感觉陌生,又带着一丝奇异的、不可言说的连结。

他那一声【知梨】让我的心莫名地一软,仿佛那份来自造物的全然信赖,是我此刻唯一能抓住的温暖。

我紧绷的肩膀稍微放松了下来,对着他,轻轻点了点头,算是一种认可。

接着,我转过身,强迫自己将注意力投入到眼前这片生机勃勃的草丛中。

我蹲下身,将沉重的草药箱放在一边,开始胡乱地翻找起来。

我根本不认识这些奇形怪状的植物,只知书上有画,却从未亲眼见过。

我抓起一株带着紫色斑点的叶子,又掐断一根开着黄色小花的茎,手忙脚乱地往怀里塞。

就在我准备摘下另一片长着尖刺的蕨叶时,一只修长的手,轻轻地按在了我的手腕上。

他的触感微凉,却带着不容拒绝的力道。

我愣住了,抬头看向他。

只见他微微摇了摇头,然后弯下腰,用那双绿色的眸子,仔细地审视着我刚才准备采摘的蕨叶。

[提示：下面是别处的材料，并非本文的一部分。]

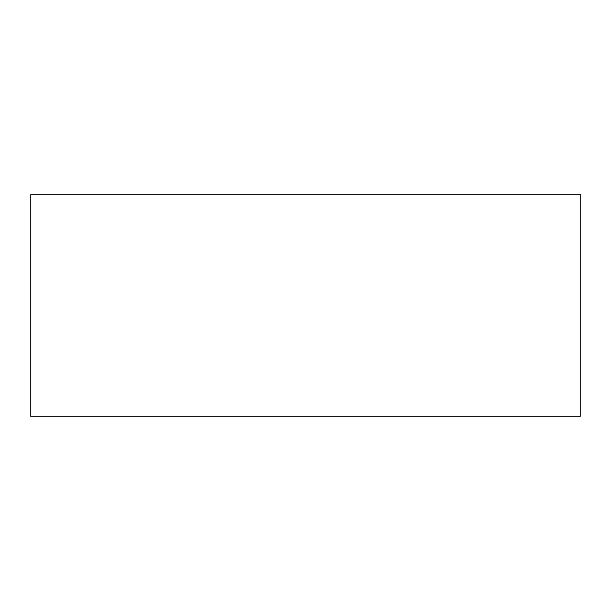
<?xml version="1.0" encoding="UTF-8"?>
<svg xmlns="http://www.w3.org/2000/svg" width="611" height="611" viewBox="0 0 611 611"><rect width="100%" height="100%" fill="white"/><g stroke="black" fill="none" stroke-linecap="round" stroke-linejoin="round"><path stroke-width="0.92" d="M580.45 194.535L30.55 194.535L30.55 416.465L580.45 416.465L580.45 194.535"/></g></svg>
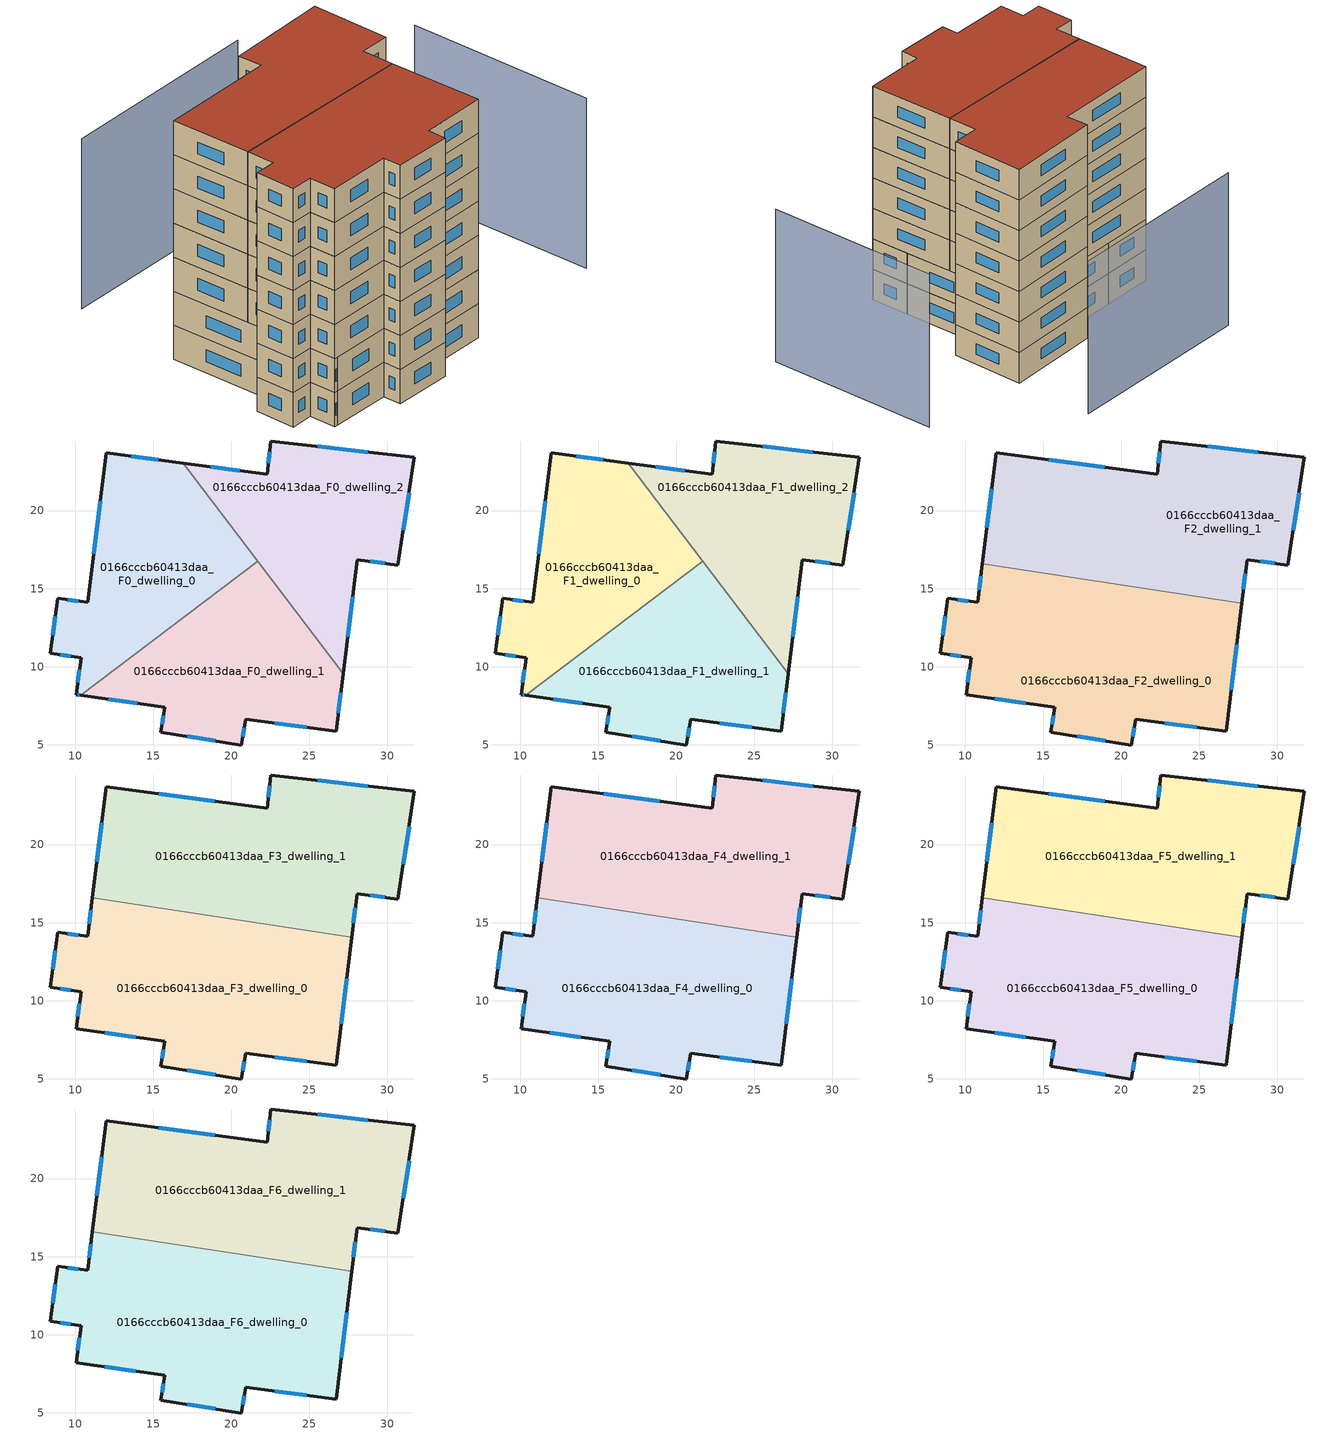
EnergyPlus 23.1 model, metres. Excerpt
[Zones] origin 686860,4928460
0166cccb60413daa_F0_dwelling_0
 floor ground (EU_floor_Construction): 16.94,23.04 21.69,16.77 10.36,8.18 10.07,8.22 10.39,10.59 8.41,10.88 8.91,14.39 10.82,14.12 12,23.69 z0
 wall outside (EU_wall_Construction): 16.94,23.04 12,23.69 10.82,14.12 8.91,14.39 8.41,10.88 10.39,10.59 10.07,8.22 10.36,8.18 z0:3
 wall to 0166cccb60413daa_F0_dwelling_1 (EU_wall_Construction): 10.36,8.18 21.69,16.77 z0:3
 wall to 0166cccb60413daa_F0_dwelling_2 (EU_wall_Construction): 21.69,16.77 16.94,23.04 z0:3
 window (EU_Window_Construction): 10.16,8.21 10.27,8.2 / 10.28,9.82 10.17,9 / 9.05,10.78 9.74,10.69 / 8.74,13.25 8.57,12.02 / 10.19,14.21 9.53,14.31 / 11.61,20.58 11.2,17.24 / 15.33,23.25 13.6,23.48 z0.98:2.02
0166cccb60413daa_F0_dwelling_1
 floor ground (EU_floor_Construction): 21.69,16.77 27.16,9.55 26.71,5.86 20.92,6.64 20.65,4.99 15.49,5.8 15.74,7.39 10.36,8.18 z0
 wall outside (EU_wall_Construction): 10.36,8.18 15.74,7.39 15.49,5.8 20.66,4.99 20.92,6.64 26.71,5.86 27.16,9.55 z0:3
 wall to 0166cccb60413daa_F0_dwelling_2 (EU_wall_Construction): 27.16,9.55 21.69,16.77 z0:3
 window (EU_Window_Construction): 22.8,6.39 24.83,6.12 / 20.74,5.53 20.83,6.11 / 17.17,5.54 18.98,5.26 / 15.66,6.88 15.58,6.32 / 12.11,7.93 13.99,7.65 / 26.86,7.06 27.02,8.35 z0.98:2.02
0166cccb60413daa_F0_dwelling_2
 floor ground (EU_floor_Construction): 31.72,23.4 30.67,16.49 28.05,16.86 27.16,9.55 16.94,23.04 22.3,22.32 22.54,24.45 z0
 wall outside (EU_wall_Construction): 27.16,9.55 28.06,16.86 30.68,16.49 31.72,23.4 22.54,24.45 22.3,22.32 16.94,23.04 z0:3
 window (EU_Window_Construction): 31.02,18.74 31.38,21.16 / 28.91,16.74 29.82,16.61 / 27.45,11.93 27.77,14.49 / 20.56,22.56 18.68,22.8 / 22.46,23.76 22.37,23.02 / 28.74,23.75 25.52,24.11 z0.98:2.02
0166cccb60413daa_F1_dwelling_0
 floor to 0166cccb60413daa_F0_dwelling_0 (EU_floor_Construction): 16.94,23.04 21.69,16.77 10.36,8.18 10.07,8.22 10.39,10.59 8.41,10.88 8.91,14.39 10.82,14.12 12,23.69 z3
 wall outside (EU_wall_Construction): 16.94,23.04 12,23.69 10.82,14.12 8.91,14.39 8.41,10.88 10.39,10.59 10.07,8.22 10.36,8.18 z3:6
 wall to 0166cccb60413daa_F1_dwelling_1 (EU_wall_Construction): 10.36,8.18 21.69,16.77 z3:6
 wall to 0166cccb60413daa_F1_dwelling_2 (EU_wall_Construction): 21.69,16.77 16.94,23.04 z3:6
 window (EU_Window_Construction): 10.16,8.21 10.27,8.2 / 10.28,9.82 10.17,9 / 9.05,10.78 9.74,10.69 / 8.74,13.25 8.57,12.02 / 10.19,14.21 9.53,14.31 / 11.61,20.58 11.2,17.24 / 15.33,23.25 13.6,23.48 z3.98:5.02
0166cccb60413daa_F1_dwelling_1
 floor to 0166cccb60413daa_F0_dwelling_1 (EU_floor_Construction): 21.69,16.77 27.16,9.55 26.71,5.86 20.92,6.64 20.65,4.99 15.49,5.8 15.74,7.39 10.36,8.18 z3
 wall outside (EU_wall_Construction): 10.36,8.18 15.74,7.39 15.49,5.8 20.66,4.99 20.92,6.64 26.71,5.86 27.16,9.55 z3:6
 wall to 0166cccb60413daa_F1_dwelling_2 (EU_wall_Construction): 27.16,9.55 21.69,16.77 z3:6
 window (EU_Window_Construction): 22.8,6.39 24.83,6.12 / 20.74,5.53 20.83,6.11 / 17.17,5.54 18.98,5.26 / 15.66,6.88 15.58,6.32 / 12.11,7.93 13.99,7.65 / 26.86,7.06 27.02,8.35 z3.98:5.02
0166cccb60413daa_F1_dwelling_2
 floor to 0166cccb60413daa_F0_dwelling_2 (EU_floor_Construction): 31.72,23.4 30.67,16.49 28.05,16.86 27.16,9.55 16.94,23.04 22.3,22.32 22.54,24.45 z3
 wall outside (EU_wall_Construction): 27.16,9.55 28.06,16.86 30.68,16.49 31.72,23.4 22.54,24.45 22.3,22.32 16.94,23.04 z3:6
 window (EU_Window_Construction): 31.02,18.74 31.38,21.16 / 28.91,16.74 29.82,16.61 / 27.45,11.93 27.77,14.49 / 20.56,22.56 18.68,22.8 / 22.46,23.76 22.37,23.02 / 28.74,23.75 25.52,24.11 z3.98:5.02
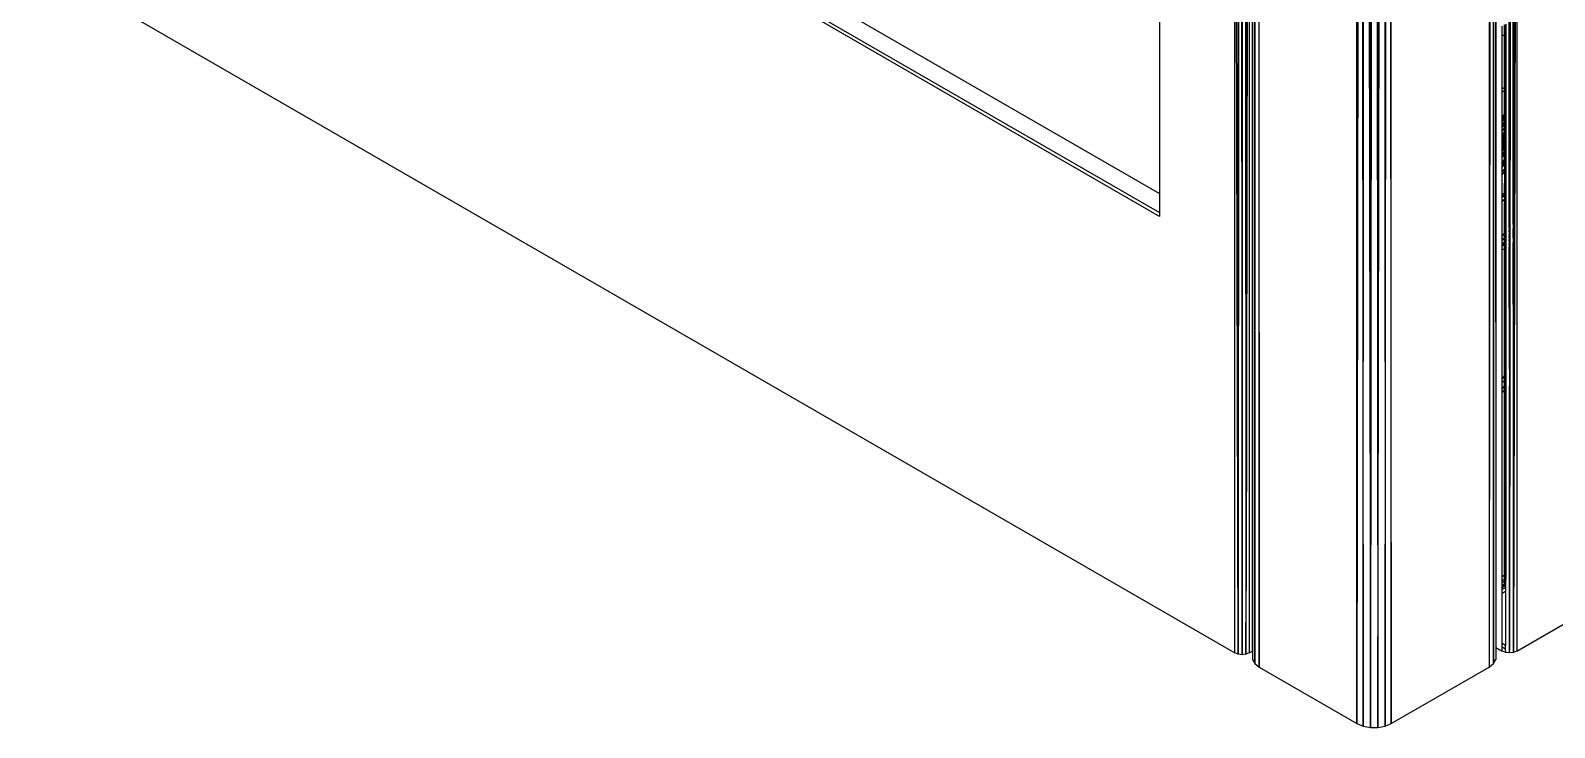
# Model space of a CAD drawing. Header units: inches. Extents: x 17 to 4615, y 5 to 3256.
# Drawn here: x 2554.7 to 2881, y 1524.2 to 1673.3 of the extents above; entities that cross this region are included whole.
import ezdxf

# ---------------------------------------------------------------- set-up
doc = ezdxf.new("R2010")
doc.units = ezdxf.units.IN
doc.header["$MEASUREMENT"] = 0

msp = doc.modelspace()

# ---------------------------------------------------------------- linework, layer by layer
for p, q in [((2838.69, 1525.02), (2838.69, 2259.86)), ((2839.42, 2259.44), (2838.69, 1525.02)), ((2839.42, 2259.44), (2840.01, 1524.46)), ((2840.01, 1524.46), (2840.3, 2258.93)), ((2840.3, 2258.93), (2841.55, 1524.17)), ((2841.55, 1524.17), (2841.3, 2258.36)), ((2842.37, 2257.74), (2841.55, 1524.17)), ((2842.37, 2257.74), (2843.18, 1524.17)), ((2843.43, 2257.13), (2843.18, 1524.17)), ((2843.18, 1524.17), (2844.43, 2256.55)), ((2844.43, 2256.55), (2844.73, 1524.46)), ((2844.73, 1524.46), (2845.31, 2256.04)), ((2845.31, 2256.04), (2846.04, 1525.02)), ((2846.04, 1525.02), (2846.04, 2255.62)), ((2814.93, 2241.59), (2814.92, 1553.51)), ((2816.3, 1540.5), (2816.24, 2242.66)), ((2816.3, 1540.5), (2816.65, 2242.94)), ((2816.34, 2242.63), (2816.3, 1540.5)), ((2816.65, 2242.94), (2816.8, 1537.86)), ((2816.8, 1537.86), (2817.14, 2243.29)), ((2817.18, 2243.33), (2817.76, 1537.1)), ((2817.76, 1537.1), (2817.76, 2243.53)), ((2866.97, 2243.53), (2866.97, 1537.1)), ((2867.58, 2243.18), (2866.97, 1537.1)), ((2867.58, 2243.18), (2867.93, 1537.86)), ((2867.93, 1537.86), (2868.07, 2242.9)), ((2868.07, 2242.9), (2868.43, 1541.32)), ((2868.39, 2242.72), (2868.43, 1541.32)), ((2868.5, 2242.65), (2868.43, 1541.32)), ((2813.24, 1539.85), (2813.23, 2240.68)), ((2813.65, 2240.84), (2813.24, 1539.85)), ((2813.65, 2240.84), (2814.08, 1539.75)), ((2814.08, 1539.75), (2814.51, 2241.29)), ((2814.08, 2241.04), (2814.08, 1539.75)), ((2814.51, 2241.29), (2814.92, 1553.51)), ((2812.85, 2228.86), (2813.24, 1539.85)), ((2814.95, 1553.49), (2815.32, 2230.28)), ((2872.59, 2229.27), (2872.2, 1540.25)), ((2871.82, 2183.17), (2871.36, 1540.83)), ((2872.91, 1540.53), (3519.63, 1913.91)), ((2815.64, 1891.22), (2814.95, 1553.49)), ((2815.64, 1891.22), (2815.64, 1540.12)), ((2872.91, 1851.81), (2872.2, 1540.25)), ((2872.91, 1851.81), (2872.91, 1540.53)), ((2812.53, 1540.12), (2812.53, 1820.28)), ((2813.24, 1539.85), (2812.53, 1820.28)), ((2571.54, 1768.25), (2796.4, 1638.43)), ((2796.4, 1633.53), (2570.84, 1763.76)), ((2571.54, 1764.17), (2796.4, 1634.35)), ((2554.72, 1688.97), (2812.53, 1540.12)), ((2796.4, 1676.8), (2796.4, 1638.43)), ((2869.8, 1672.39), (2869.8, 1674.27)), ((2870.25, 1672.14), (2870.24, 1674.53)), ((2870.44, 1674.64), (2870.44, 1672.02)), ((2870.52, 1674.68), (2870.52, 1671.98)), ((2871.28, 1671.54), (2871.28, 1675.12)), ((2871.36, 1675.17), (2871.36, 1671.5)), ((2872.12, 1671.05), (2872.12, 1675.61)), ((2872.2, 1671.01), (2872.2, 1675.66)), ((2870.25, 1672.14), (2869.8, 1672.39)), ((2869.8, 1660.88), (2869.8, 1672.39)), ((2870.3, 1672.11), (2870.25, 1672.14)), ((2870.27, 1661.15), (2870.25, 1672.14)), ((2870.44, 1672.02), (2870.3, 1672.11)), ((2870.3, 1661.17), (2870.3, 1672.11)), ((2870.52, 1671.98), (2870.44, 1672.02)), ((2870.44, 1672.02), (2870.45, 1661.26)), ((2870.52, 1671.98), (2870.52, 1661.29)), ((2871.28, 1661.74), (2871.28, 1671.54)), ((2871.36, 1671.5), (2871.28, 1671.54)), ((2871.36, 1671.5), (2871.36, 1661.78)), ((2872.2, 1671.01), (2872.12, 1671.05)), ((2872.13, 1662.22), (2872.12, 1671.05)), ((2872.2, 1662.27), (2872.2, 1671.01)), ((2870.27, 1661.15), (2869.8, 1660.88)), ((2869.8, 1660.23), (2869.8, 1660.88)), ((2870.3, 1661.17), (2870.27, 1661.15)), ((2870.27, 1660.5), (2870.27, 1661.15)), ((2870.45, 1661.26), (2870.3, 1661.17)), ((2870.3, 1660.51), (2870.3, 1661.17)), ((2870.52, 1661.29), (2870.45, 1661.26)), ((2870.45, 1661.26), (2870.45, 1660.6)), ((2870.52, 1661.29), (2870.52, 1660.64)), ((2871.36, 1661.78), (2871.28, 1661.74)), ((2871.28, 1661.08), (2871.28, 1661.74)), ((2871.28, 1661.08), (2871.36, 1661.13)), ((2871.29, 1656.88), (2871.28, 1661.08)), ((2871.36, 1661.78), (2871.36, 1661.13)), ((2871.36, 1661.13), (2871.36, 1656.98)), ((2872.2, 1662.27), (2872.13, 1662.22)), ((2872.13, 1661.57), (2872.13, 1662.22)), ((2872.13, 1661.57), (2872.2, 1661.61)), ((2872.13, 1658.09), (2872.13, 1661.57)), ((2872.2, 1661.61), (2872.2, 1662.27)), ((2872.2, 1658.19), (2872.2, 1661.61)), ((2869.8, 1660.23), (2870.27, 1660.5)), ((2869.8, 1654.74), (2869.8, 1660.23)), ((2870.27, 1660.5), (2870.3, 1660.51)), ((2870.3, 1655.46), (2870.27, 1660.5)), ((2870.3, 1660.51), (2870.45, 1660.6)), ((2870.3, 1655.46), (2870.3, 1660.51)), ((2870.45, 1660.6), (2870.52, 1660.64)), ((2870.45, 1660.6), (2870.45, 1655.68)), ((2870.52, 1660.64), (2870.52, 1655.77)), ((2872.13, 1658.09), (2872.2, 1658.19)), ((2872.2, 1658.11), (2872.13, 1658.01)), ((2872.13, 1658.01), (2872.13, 1658.09)), ((2872.13, 1657.38), (2872.13, 1658.01)), ((2872.13, 1657.38), (2872.2, 1657.48)), ((2872.2, 1658.11), (2872.2, 1658.19)), ((2872.2, 1657.48), (2872.2, 1658.11)), ((2872.2, 1657.24), (2872.2, 1657.48)), ((2869.8, 1654.74), (2870.28, 1655.43)), ((2870.28, 1655.34), (2869.8, 1654.64)), ((2869.8, 1654.64), (2869.8, 1654.74)), ((2869.8, 1654.04), (2870.28, 1654.73)), ((2869.8, 1654.04), (2869.8, 1654.64)), ((2869.8, 1653.8), (2870.28, 1654.49)), ((2870.28, 1655.43), (2870.3, 1655.46)), ((2870.3, 1655.36), (2870.28, 1655.43)), ((2870.3, 1655.36), (2870.28, 1655.34)), ((2870.28, 1654.73), (2870.28, 1655.34)), ((2870.28, 1654.73), (2870.45, 1654.98)), ((2870.28, 1654.49), (2870.45, 1654.74)), ((2870.28, 1654.49), (2870.28, 1654.73)), ((2870.29, 1653.89), (2870.28, 1654.49)), ((2870.3, 1655.46), (2870.45, 1655.68)), ((2870.45, 1655.59), (2870.3, 1655.36)), ((2870.45, 1655.68), (2870.52, 1655.77)), ((2870.52, 1655.68), (2870.45, 1655.59)), ((2870.45, 1655.68), (2870.45, 1655.59)), ((2870.45, 1655.59), (2870.45, 1654.98)), ((2870.45, 1654.98), (2870.52, 1655.07)), ((2870.45, 1654.98), (2870.45, 1654.74)), ((2870.45, 1654.74), (2870.52, 1654.82)), ((2870.45, 1654.74), (2870.45, 1654.13)), ((2870.52, 1654.22), (2870.45, 1654.13)), ((2870.52, 1655.77), (2870.52, 1655.68)), ((2870.52, 1655.68), (2870.52, 1655.07)), ((2870.52, 1655.07), (2870.52, 1654.82)), ((2870.52, 1654.82), (2870.52, 1654.22)), ((2870.52, 1654.22), (2870.52, 1653.59)), ((2871.29, 1656.88), (2871.36, 1656.98)), ((2871.36, 1656.89), (2871.29, 1656.79)), ((2871.29, 1656.79), (2871.29, 1656.88)), ((2871.29, 1656.17), (2871.29, 1656.79)), ((2871.29, 1656.17), (2871.36, 1656.27)), ((2871.29, 1655.93), (2871.29, 1656.17)), ((2871.29, 1655.93), (2871.36, 1656.03)), ((2871.29, 1655.34), (2871.29, 1655.93)), ((2871.36, 1655.44), (2871.29, 1655.34)), ((2871.29, 1654.7), (2871.29, 1655.34)), ((2871.29, 1654.7), (2871.36, 1654.8)), ((2871.29, 1653.95), (2871.29, 1654.7)), ((2871.36, 1656.98), (2871.36, 1656.89)), ((2871.36, 1656.89), (2871.36, 1656.27)), ((2871.36, 1656.27), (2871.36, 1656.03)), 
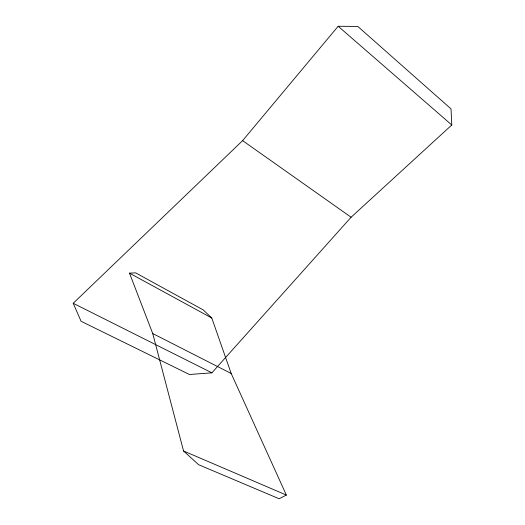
<?xml version="1.0" encoding="UTF-8"?>
<svg xmlns="http://www.w3.org/2000/svg" width="525" height="525" viewBox="0 0 525 525"><rect width="100%" height="100%" fill="white"/><g stroke="black" fill="none" stroke-linecap="round" stroke-linejoin="round"><path stroke-width="0.79" d="M242.609 140.641L338.166 26.25L357.794 26.44L451.008 108.878L451.789 124.983L351.107 217.238L211.89 372.829L189.413 374.496L81.08 321.28L73.211 303.279L242.609 140.641L351.107 217.238M286.361 495.062L279.116 498.75L198.575 464.684L183.553 450.982L152.736 333.559L129.491 273.144L135.634 272.856L203.267 309.94L211.805 318.052L231.177 373.472L286.361 495.062L183.553 450.982M73.211 303.279L211.89 372.829M152.736 333.559L231.177 373.472M129.491 273.144L211.805 318.052M338.166 26.25L451.789 124.983"/></g></svg>

他伸出手,指尖轻轻拂过叶片背面的绒毛,然后,他抬起头,用那种纯粹而直接的眼神看着我,轻声道:

【…… 有毒。】

他的声音不大,却像一道惊雷在我脑中炸开。

我怔怔地看着他,又看了看自己手中那把乱七八糟的草。

他怎么会知道?

他不是只懂“娘亲”和“知梨”的精灵吗?

下一刻,他已转身,在一旁的丛林里,轻松地找到一株我书上见过的、清热解毒的凝霜草。

他将那株药草递到我面前,清澈的绿瞳里,带着一丝理所当然的纯粹,仿佛这种知识,是他与生俱来的本能。